## WHAT YOU HAVE TO DO
Reproduce verbatim the lines of the material below, starting at the line with "#696=VERTEX_POINT('',#2910);" and ending at the line with "#855=EDGE_CURVE('',#689,#696,#107,.T.);", both inclusive; skip the rest.
DATA EXTRACTS Start Marker
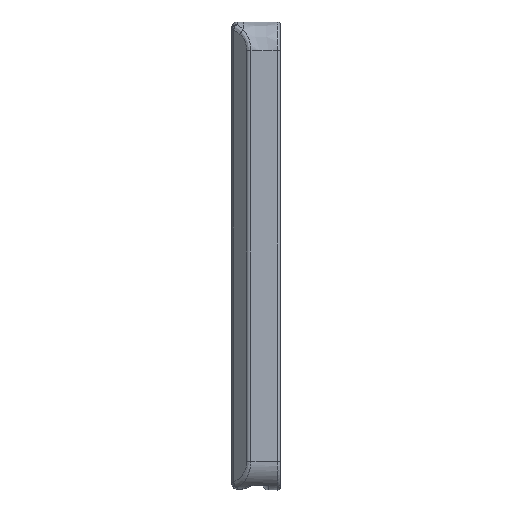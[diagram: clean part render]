
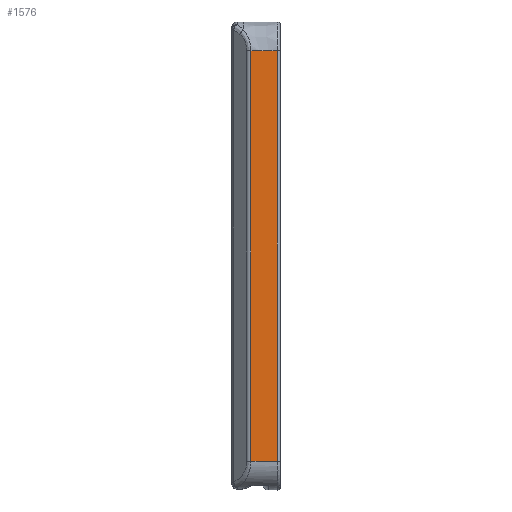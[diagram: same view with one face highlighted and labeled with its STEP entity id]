
A CAD part, left-side view. The second image highlights one B-rep face of the part: STEP entity #1576.
In plain terms, the highlighted planar face has unit normal (-1, 0, 0).
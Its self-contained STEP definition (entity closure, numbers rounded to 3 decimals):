
#15=PLANE('',#1719);
#105=LINE('',#2912,#200);
#106=LINE('',#2913,#201);
#107=LINE('',#2914,#202);
#200=VECTOR('',#1954,1000.);
#201=VECTOR('',#1955,1000.);
#202=VECTOR('',#1956,1000.);
#380=FACE_OUTER_BOUND('',#482,.T.);
#482=EDGE_LOOP('',(#1109,#1110,#1111,#1112));
#592=CIRCLE('',#1713,471.424);
#689=VERTEX_POINT('',#2511);
#690=VERTEX_POINT('',#2512);
#696=VERTEX_POINT('',#2910);
#697=VERTEX_POINT('',#2911);
#843=EDGE_CURVE('',#689,#690,#592,.T.);
#853=EDGE_CURVE('',#696,#697,#105,.T.);
#854=EDGE_CURVE('',#697,#690,#106,.T.);
#855=EDGE_CURVE('',#689,#696,#107,.T.);
#1109=ORIENTED_EDGE('',*,*,#853,.T.);
#1110=ORIENTED_EDGE('',*,*,#854,.T.);
#1111=ORIENTED_EDGE('',*,*,#843,.F.);
#1112=ORIENTED_EDGE('',*,*,#855,.T.);
#1576=ADVANCED_FACE('',(#380),#15,.T.);
#1713=AXIS2_PLACEMENT_3D('',#2513,#1940,#1941);
#1719=AXIS2_PLACEMENT_3D('',#2909,#1952,#1953);
#1940=DIRECTION('center_axis',(1.,0.,0.));
#1941=DIRECTION('ref_axis',(0.,-0.005,1.));
#1952=DIRECTION('center_axis',(-1.,0.,0.));
#1953=DIRECTION('ref_axis',(0.,-0.241,-0.97));
#1954=DIRECTION('',(0.,-1.,0.));
#1955=DIRECTION('',(0.,0.,1.));
#1956=DIRECTION('',(0.,0.,-1.));
#2511=CARTESIAN_POINT('',(-15.342,-113.346,-3.958));
#2512=CARTESIAN_POINT('',(-15.342,-117.008,-3.961));
#2513=CARTESIAN_POINT('Origin',(-15.342,-114.874,-475.38));
#2909=CARTESIAN_POINT('Origin',(-15.342,-99.907,-6.957));
#2910=CARTESIAN_POINT('',(-15.342,-113.346,-60.547));
#2911=CARTESIAN_POINT('',(-15.342,-117.008,-60.547));
#2912=CARTESIAN_POINT('',(-15.342,-113.346,-60.547));
#2913=CARTESIAN_POINT('',(-15.342,-117.008,-60.547));
#2914=CARTESIAN_POINT('',(-15.342,-113.346,-3.958));
DATA EXTRACTS End Marker
## EXERCISE RESPONSE
#696=VERTEX_POINT('',#2910);
#697=VERTEX_POINT('',#2911);
#843=EDGE_CURVE('',#689,#690,#592,.T.);
#853=EDGE_CURVE('',#696,#697,#105,.T.);
#854=EDGE_CURVE('',#697,#690,#106,.T.);
#855=EDGE_CURVE('',#689,#696,#107,.T.);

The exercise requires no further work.